▸ **TASK DETAILS**: Below are the records. Gather each line that holds "blocks".

(Records from a data source)
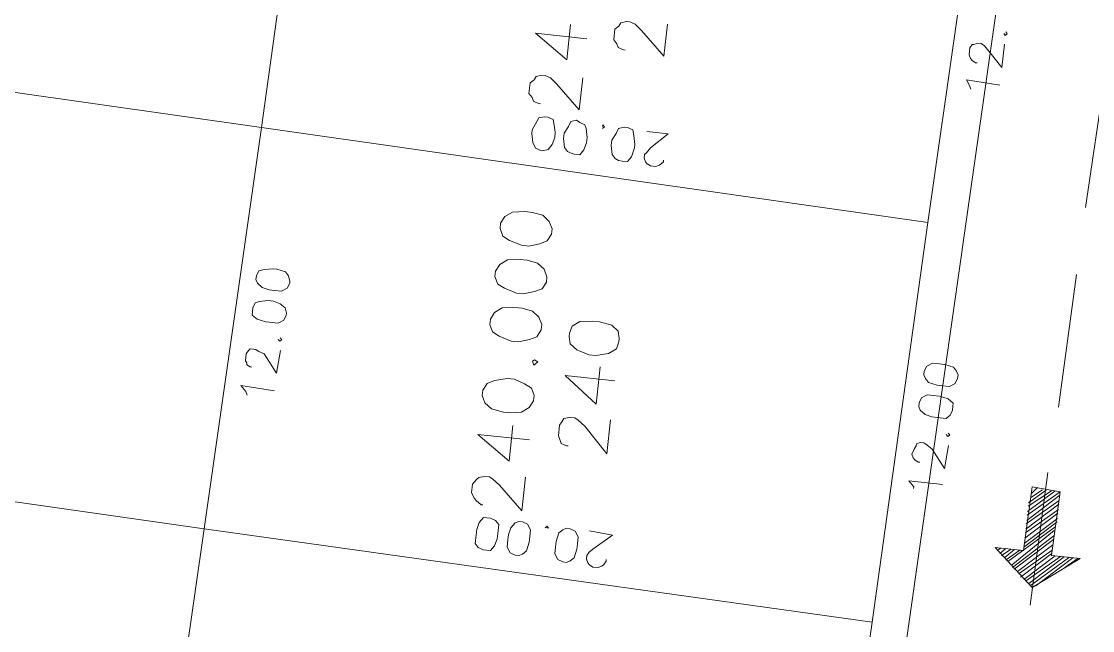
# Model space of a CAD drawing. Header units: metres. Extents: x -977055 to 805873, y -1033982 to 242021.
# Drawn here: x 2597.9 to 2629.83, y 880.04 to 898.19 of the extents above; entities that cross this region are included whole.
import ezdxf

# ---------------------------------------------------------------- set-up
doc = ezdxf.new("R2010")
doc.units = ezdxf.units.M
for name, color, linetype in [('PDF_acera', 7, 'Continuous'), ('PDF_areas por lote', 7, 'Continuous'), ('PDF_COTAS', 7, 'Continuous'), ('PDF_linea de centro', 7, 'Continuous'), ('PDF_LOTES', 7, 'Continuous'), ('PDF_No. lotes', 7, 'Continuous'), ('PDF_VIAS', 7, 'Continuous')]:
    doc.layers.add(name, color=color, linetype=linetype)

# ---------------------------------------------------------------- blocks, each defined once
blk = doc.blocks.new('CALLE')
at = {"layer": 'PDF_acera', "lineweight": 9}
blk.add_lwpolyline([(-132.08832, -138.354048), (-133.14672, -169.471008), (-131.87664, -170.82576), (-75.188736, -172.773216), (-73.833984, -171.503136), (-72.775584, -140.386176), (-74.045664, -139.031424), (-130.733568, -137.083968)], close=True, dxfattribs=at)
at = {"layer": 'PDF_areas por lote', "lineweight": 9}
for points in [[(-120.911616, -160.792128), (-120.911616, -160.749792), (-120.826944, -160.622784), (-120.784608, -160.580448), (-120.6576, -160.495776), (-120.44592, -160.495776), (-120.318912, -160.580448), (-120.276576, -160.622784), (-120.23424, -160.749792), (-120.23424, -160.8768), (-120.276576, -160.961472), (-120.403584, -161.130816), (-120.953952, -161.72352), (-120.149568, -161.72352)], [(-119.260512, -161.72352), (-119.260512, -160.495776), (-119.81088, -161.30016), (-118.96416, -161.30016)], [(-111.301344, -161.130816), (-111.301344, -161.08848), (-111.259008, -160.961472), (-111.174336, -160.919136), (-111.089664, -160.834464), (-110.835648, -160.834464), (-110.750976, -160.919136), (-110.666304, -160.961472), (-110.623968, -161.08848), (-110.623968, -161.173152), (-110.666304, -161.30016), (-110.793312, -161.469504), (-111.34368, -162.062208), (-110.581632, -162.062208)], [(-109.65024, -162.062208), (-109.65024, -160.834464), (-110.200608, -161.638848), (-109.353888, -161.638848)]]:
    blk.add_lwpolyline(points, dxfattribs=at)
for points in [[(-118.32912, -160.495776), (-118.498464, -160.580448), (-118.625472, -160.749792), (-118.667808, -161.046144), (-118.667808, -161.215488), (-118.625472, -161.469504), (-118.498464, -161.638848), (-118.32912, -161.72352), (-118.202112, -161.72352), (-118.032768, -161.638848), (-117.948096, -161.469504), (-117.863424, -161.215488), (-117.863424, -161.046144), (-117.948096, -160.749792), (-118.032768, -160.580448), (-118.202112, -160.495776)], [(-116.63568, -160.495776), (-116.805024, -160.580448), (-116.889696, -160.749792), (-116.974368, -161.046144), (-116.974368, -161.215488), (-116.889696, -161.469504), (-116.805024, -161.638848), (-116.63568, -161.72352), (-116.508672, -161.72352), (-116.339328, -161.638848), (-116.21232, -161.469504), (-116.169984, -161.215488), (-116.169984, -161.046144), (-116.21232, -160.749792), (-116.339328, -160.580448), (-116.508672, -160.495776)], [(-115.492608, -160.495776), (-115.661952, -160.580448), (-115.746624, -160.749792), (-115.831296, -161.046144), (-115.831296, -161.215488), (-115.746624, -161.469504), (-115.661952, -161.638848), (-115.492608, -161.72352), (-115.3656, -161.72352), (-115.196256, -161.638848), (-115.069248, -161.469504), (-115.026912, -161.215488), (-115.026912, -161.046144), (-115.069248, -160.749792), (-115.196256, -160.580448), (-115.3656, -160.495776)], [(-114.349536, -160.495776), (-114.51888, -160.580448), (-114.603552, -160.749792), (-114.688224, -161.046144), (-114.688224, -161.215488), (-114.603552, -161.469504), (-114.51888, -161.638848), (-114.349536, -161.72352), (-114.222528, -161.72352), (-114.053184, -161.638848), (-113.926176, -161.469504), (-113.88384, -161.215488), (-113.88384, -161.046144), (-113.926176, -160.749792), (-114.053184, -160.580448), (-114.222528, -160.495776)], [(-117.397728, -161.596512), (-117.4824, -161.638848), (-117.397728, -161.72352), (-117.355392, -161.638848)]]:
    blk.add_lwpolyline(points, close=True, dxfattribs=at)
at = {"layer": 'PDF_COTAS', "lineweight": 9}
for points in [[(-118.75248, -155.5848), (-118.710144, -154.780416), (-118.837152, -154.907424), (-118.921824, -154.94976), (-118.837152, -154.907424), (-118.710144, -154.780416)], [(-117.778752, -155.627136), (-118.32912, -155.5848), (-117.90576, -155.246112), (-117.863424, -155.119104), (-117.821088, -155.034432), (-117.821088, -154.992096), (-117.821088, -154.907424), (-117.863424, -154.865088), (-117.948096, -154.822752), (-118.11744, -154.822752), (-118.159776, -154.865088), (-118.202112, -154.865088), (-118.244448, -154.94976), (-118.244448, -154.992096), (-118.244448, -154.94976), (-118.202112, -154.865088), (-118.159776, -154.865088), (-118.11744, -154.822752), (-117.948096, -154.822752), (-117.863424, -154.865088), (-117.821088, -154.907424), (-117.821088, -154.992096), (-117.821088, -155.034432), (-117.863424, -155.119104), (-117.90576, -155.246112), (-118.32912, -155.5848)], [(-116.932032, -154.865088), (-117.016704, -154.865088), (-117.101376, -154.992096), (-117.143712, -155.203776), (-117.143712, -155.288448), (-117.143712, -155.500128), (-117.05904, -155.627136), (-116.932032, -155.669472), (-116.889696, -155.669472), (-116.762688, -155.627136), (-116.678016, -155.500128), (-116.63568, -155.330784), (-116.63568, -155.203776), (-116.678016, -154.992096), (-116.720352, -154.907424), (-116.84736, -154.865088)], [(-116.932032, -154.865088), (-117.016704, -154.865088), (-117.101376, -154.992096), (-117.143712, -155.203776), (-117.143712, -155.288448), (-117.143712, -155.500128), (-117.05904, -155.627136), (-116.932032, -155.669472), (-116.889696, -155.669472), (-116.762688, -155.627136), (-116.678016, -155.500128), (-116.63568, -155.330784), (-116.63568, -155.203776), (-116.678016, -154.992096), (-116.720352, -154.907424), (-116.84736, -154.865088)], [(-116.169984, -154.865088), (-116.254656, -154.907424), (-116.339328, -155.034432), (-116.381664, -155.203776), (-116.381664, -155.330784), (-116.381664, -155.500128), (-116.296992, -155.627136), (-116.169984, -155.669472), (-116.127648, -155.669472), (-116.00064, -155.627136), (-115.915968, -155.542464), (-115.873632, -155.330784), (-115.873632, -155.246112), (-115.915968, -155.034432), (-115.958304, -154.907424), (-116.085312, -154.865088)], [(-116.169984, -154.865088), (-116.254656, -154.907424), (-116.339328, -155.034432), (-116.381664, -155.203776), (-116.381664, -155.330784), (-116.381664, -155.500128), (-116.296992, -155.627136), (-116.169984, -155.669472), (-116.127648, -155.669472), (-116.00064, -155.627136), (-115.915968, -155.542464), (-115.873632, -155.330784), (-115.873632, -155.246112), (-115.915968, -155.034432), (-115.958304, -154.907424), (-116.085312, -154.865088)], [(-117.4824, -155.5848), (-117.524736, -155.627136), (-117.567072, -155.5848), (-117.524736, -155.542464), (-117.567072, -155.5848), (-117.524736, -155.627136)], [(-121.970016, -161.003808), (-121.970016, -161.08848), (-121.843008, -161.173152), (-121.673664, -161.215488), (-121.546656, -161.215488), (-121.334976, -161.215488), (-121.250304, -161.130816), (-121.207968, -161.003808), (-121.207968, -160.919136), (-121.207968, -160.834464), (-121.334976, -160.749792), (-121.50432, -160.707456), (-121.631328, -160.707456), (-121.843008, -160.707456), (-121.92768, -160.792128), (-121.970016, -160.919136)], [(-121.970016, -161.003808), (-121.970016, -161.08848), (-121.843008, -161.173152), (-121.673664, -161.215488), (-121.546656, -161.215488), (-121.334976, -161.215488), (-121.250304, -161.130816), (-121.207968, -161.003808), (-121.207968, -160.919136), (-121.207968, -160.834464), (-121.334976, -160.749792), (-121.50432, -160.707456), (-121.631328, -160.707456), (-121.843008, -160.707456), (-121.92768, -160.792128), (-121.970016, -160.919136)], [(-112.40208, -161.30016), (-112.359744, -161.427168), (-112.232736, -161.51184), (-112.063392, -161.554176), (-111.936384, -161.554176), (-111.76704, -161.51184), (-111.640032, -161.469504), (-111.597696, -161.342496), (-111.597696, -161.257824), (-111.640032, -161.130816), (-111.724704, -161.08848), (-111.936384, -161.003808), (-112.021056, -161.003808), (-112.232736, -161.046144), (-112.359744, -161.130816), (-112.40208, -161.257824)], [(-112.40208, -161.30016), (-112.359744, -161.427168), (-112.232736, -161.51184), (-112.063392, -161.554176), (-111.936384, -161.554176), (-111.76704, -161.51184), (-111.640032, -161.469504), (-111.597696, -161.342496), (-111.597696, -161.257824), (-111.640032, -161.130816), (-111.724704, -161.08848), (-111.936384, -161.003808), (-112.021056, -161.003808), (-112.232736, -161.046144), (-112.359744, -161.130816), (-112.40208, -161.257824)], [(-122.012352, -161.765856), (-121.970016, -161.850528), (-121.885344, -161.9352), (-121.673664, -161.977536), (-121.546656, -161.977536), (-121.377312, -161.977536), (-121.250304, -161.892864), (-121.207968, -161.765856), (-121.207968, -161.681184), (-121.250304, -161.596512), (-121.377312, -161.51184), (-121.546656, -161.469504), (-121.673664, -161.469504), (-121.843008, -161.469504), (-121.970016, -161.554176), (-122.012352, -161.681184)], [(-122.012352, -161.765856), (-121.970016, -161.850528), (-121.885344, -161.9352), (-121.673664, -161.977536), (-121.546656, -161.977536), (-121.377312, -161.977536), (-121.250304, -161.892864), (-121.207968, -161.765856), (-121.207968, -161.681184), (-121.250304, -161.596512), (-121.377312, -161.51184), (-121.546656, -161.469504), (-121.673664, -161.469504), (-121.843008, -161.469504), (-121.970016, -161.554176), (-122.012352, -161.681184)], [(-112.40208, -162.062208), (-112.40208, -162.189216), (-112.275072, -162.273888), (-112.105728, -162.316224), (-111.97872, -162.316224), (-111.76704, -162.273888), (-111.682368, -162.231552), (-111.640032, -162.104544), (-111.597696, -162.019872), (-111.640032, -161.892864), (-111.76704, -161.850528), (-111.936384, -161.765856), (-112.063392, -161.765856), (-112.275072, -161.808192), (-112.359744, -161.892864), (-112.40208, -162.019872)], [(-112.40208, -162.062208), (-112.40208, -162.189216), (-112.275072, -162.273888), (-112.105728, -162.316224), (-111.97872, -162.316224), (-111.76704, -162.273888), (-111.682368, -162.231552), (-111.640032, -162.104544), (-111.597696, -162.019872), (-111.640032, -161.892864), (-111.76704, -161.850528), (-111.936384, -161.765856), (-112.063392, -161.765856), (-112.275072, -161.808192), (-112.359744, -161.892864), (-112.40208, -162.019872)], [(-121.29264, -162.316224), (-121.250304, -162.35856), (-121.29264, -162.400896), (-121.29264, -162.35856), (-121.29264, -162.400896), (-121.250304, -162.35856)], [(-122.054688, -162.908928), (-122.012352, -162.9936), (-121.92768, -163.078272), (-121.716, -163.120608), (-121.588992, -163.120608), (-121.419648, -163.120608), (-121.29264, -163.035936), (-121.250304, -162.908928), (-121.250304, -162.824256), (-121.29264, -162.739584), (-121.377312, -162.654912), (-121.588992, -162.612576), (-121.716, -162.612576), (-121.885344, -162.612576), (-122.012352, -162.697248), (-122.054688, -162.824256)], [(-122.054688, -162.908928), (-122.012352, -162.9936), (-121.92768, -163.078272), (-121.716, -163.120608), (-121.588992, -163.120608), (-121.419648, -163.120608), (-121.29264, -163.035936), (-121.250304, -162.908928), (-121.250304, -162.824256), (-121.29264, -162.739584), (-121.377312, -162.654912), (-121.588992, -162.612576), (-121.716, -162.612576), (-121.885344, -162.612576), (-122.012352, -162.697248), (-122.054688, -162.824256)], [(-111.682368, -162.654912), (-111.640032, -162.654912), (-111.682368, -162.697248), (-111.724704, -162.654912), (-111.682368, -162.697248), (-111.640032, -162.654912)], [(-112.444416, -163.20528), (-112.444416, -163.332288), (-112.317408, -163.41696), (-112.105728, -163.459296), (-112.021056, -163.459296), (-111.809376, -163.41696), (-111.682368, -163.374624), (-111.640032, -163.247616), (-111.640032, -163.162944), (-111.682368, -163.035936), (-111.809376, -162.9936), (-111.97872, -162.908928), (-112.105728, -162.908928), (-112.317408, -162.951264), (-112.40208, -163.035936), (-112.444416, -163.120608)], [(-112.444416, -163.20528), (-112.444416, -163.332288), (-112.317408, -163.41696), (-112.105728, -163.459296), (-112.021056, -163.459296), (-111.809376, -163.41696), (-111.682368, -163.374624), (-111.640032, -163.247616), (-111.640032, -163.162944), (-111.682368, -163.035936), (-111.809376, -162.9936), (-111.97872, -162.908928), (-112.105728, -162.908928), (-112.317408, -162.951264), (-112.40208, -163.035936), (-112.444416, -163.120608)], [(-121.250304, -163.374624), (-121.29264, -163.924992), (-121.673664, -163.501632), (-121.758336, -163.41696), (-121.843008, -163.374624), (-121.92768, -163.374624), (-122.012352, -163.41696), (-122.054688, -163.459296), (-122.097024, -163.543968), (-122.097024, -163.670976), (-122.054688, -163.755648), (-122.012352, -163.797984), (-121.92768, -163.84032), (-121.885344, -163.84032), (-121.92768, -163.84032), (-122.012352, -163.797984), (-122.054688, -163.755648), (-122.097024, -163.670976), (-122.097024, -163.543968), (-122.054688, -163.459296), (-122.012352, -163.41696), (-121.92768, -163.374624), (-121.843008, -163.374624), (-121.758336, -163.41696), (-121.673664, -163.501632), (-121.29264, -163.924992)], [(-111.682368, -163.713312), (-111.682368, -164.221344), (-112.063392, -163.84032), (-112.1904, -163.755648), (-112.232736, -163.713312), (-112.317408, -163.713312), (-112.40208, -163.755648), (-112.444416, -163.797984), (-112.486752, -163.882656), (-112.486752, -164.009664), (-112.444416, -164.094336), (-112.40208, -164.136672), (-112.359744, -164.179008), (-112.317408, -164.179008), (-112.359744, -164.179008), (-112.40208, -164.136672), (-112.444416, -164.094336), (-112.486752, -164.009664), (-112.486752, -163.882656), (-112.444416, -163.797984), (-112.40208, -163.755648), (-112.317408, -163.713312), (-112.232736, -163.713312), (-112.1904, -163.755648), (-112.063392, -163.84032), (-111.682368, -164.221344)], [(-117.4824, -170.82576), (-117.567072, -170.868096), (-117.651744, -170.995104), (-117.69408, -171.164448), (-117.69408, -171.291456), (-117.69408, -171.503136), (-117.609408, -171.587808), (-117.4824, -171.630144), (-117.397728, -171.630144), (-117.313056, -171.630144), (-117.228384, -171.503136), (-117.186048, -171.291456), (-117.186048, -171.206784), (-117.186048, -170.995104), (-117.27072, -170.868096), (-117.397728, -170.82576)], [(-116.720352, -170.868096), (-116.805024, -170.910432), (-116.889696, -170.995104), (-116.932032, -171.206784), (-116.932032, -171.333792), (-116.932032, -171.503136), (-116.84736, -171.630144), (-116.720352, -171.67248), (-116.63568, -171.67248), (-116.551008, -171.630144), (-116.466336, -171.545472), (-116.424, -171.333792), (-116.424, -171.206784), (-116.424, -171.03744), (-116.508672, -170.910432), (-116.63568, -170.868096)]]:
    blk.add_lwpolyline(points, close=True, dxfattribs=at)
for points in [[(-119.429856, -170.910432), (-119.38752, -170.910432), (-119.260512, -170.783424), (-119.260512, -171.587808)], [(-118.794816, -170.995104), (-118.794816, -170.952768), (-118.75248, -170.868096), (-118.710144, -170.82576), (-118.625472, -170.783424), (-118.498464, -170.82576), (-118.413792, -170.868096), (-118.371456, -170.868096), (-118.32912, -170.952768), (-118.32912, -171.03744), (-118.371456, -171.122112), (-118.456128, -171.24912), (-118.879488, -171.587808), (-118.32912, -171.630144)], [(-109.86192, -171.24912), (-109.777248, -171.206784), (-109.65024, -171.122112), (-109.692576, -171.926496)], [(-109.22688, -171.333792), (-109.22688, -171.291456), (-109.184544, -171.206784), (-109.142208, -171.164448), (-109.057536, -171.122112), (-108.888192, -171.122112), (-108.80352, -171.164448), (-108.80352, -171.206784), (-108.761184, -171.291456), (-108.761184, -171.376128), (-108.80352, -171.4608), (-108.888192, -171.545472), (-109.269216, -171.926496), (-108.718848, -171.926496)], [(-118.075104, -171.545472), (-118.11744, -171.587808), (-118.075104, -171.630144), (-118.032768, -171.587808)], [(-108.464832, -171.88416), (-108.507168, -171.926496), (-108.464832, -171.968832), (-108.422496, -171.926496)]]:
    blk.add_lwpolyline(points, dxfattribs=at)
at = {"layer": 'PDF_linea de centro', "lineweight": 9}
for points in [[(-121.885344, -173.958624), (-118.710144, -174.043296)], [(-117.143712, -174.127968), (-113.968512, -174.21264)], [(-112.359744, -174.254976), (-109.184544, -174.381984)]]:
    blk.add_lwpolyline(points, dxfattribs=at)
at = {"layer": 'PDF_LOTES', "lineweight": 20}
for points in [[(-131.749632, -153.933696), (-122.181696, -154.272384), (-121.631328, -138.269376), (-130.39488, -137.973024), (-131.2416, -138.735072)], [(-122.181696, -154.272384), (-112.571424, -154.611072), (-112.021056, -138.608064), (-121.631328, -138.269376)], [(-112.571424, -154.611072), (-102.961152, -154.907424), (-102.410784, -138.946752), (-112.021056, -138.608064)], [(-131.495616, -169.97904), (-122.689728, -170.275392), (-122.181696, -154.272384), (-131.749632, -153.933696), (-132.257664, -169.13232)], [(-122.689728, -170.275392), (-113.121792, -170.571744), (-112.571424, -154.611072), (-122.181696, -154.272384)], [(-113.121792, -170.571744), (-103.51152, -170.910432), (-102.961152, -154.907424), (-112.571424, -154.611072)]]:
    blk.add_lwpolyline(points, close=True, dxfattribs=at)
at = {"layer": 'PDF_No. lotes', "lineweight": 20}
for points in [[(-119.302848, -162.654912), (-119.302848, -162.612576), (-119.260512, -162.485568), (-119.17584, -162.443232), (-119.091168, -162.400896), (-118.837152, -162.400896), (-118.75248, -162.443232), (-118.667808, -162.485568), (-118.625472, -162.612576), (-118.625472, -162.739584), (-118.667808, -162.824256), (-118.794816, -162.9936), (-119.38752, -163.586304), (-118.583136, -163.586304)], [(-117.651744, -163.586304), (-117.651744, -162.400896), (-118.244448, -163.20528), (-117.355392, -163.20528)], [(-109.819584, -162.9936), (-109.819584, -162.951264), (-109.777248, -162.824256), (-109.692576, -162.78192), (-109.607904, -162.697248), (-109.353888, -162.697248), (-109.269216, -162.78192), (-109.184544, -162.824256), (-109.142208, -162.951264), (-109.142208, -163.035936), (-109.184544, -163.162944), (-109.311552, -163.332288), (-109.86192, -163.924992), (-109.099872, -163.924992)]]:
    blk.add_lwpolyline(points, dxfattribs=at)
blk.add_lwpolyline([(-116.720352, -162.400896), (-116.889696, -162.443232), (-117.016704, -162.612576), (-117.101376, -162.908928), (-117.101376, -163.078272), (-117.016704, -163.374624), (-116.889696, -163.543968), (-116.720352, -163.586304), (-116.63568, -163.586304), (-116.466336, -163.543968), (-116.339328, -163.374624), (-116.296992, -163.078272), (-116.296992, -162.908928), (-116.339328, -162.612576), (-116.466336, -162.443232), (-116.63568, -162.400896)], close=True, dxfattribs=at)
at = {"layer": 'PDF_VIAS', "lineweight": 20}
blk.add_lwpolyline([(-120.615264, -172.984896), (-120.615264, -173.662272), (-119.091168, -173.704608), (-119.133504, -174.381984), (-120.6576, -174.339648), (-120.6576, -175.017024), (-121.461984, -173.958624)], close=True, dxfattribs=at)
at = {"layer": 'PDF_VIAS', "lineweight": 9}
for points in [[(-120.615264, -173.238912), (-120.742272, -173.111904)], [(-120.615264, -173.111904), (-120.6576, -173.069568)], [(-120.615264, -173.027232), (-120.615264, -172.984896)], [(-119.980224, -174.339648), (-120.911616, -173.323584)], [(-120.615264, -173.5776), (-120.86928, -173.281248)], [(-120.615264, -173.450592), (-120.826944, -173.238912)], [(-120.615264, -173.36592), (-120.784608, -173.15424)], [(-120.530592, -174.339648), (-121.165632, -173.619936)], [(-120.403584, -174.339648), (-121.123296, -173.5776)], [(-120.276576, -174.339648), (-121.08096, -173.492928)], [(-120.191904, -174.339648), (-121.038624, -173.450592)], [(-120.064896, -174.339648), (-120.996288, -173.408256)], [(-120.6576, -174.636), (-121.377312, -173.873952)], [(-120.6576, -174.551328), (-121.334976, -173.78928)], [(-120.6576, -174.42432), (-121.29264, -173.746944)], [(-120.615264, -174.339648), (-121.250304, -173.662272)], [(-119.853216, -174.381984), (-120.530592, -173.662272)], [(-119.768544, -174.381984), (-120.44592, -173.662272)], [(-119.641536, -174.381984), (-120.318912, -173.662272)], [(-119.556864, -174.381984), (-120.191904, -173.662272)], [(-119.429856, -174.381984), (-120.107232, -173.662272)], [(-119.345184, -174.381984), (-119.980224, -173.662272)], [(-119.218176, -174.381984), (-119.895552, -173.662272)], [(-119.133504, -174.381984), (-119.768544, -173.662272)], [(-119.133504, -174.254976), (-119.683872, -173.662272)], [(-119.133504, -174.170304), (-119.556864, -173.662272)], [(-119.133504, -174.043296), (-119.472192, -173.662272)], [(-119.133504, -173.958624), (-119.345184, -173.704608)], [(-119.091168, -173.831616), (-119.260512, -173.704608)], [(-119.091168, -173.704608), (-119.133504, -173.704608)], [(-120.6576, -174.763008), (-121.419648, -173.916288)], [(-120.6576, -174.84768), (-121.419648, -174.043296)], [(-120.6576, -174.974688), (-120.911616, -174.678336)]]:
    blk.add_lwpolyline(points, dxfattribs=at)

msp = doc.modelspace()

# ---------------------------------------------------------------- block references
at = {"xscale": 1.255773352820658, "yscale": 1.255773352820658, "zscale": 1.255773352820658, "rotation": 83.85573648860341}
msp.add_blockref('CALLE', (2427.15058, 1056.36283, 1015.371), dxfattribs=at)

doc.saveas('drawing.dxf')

▸ **YOUR SOLUTION**:
# ---------------------------------------------------------------- blocks, each defined once
blk = doc.blocks.new('CALLE')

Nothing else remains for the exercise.